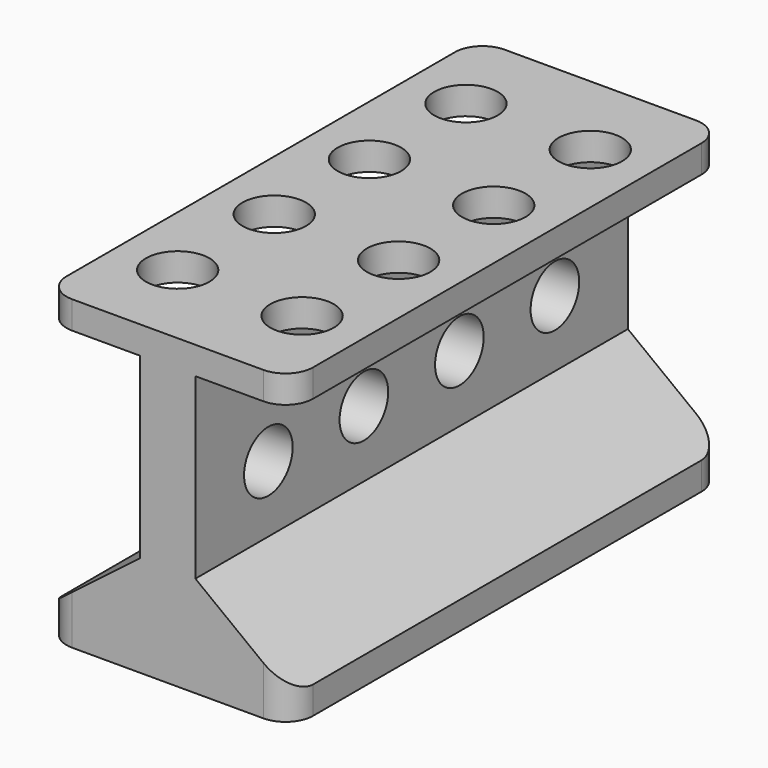
from build123d import *

# Parameters (mm, degrees)
F1_DEPTH = 48.9
F3_R     = 5
F5_D     = 11
F7_D     = 11.5
F7_DEPTH = 12
F7_TIP   = 3.4549485594


# Not quite as in the source:
# - a feature names something its author has since deleted; it is built from what else it names


with BuildPart() as f1:
    # F0 (on Front) → F1 (new body, symmetric)
    with BuildSketch(Plane.XZ):
        Polygon((-5, 20.25), (5, 20.25), (22.3, 20.25), (22.3, 25.25), (-22.3, 25.25), (-22.3, 20.25), align=None)
        Polygon((5, 0), (5, 20.25), (-5, 20.25), (-5, -12), (-5, -20.25), (0, -20.25), (5, -20.25), (5, -12), align=None)
        Polygon((-5, -20.25), (-5, -12), (-22.3, -25.25), (-22.3, -30.25), (22.3, -30.25), (22.3, -25.25), (5, -12), (5, -20.25), (0, -20.25), align=None)
    extrude(amount=F1_DEPTH, both=True)

    # F3
    f3_edges = [f1.edges().sort_by_distance(p)[0] for p in [
        (-22.3, 48.9, 22.75),
        (-22.3, -48.9, 22.75),
        (22.3, 48.9, 22.75),
        (22.3, -48.9, 22.75),
        (-22.3, -48.9, -27.75),
        (22.3, -48.9, -27.75),
        (-22.3, 48.9, -27.75),
        (22.3, 48.9, -27.75),
    ]]
    fillet(f3_edges, radius=F3_R)

    # F5 (through all)
    with Locations(Plane(origin=(-5, 0, 0), x_dir=(0, -1, 0), z_dir=(-1, 0, 0))):
        with Locations((32.4, 0), (10.8, 0), (-10.8, 0), (-32.4, 0)):
            Hole(F5_D / 2)

    # F7
    with Locations(Plane.XY.offset(25.25)):
        with Locations((-11.25, 32.5910784304), (11.25, 32.5910784304), (11.25, 10.7566630468), (-11.25, 10.7566630468), (-11.25, -10.7566630468), (11.25, -10.7566630468), (11.25, -32.5910784304), (-11.25, -32.5910784304)):
            Hole(F7_D / 2, depth=F7_DEPTH)
            with Locations((0, 0, -(F7_DEPTH + F7_TIP / 2))):  # 118° drill point
                Cone(0, F7_D / 2, F7_TIP, mode=Mode.SUBTRACT)


solid = f1.part

ABOUT THIS EXERCISE: Take the lines from the start of the listing above through the line with "(5, -12), align=None)", both ends included, and copy them exactly, leaving the pictures behind.

YOUR SOLUTION:
from build123d import *

# Parameters (mm, degrees)
F1_DEPTH = 48.9
F3_R     = 5
F5_D     = 11
F7_D     = 11.5
F7_DEPTH = 12
F7_TIP   = 3.4549485594


# Not quite as in the source:
# - a feature names something its author has since deleted; it is built from what else it names


with BuildPart() as f1:
    # F0 (on Front) → F1 (new body, symmetric)
    with BuildSketch(Plane.XZ):
        Polygon((-5, 20.25), (5, 20.25), (22.3, 20.25), (22.3, 25.25), (-22.3, 25.25), (-22.3, 20.25), align=None)
        Polygon((5, 0), (5, 20.25), (-5, 20.25), (-5, -12), (-5, -20.25), (0, -20.25), (5, -20.25), (5, -12), align=None)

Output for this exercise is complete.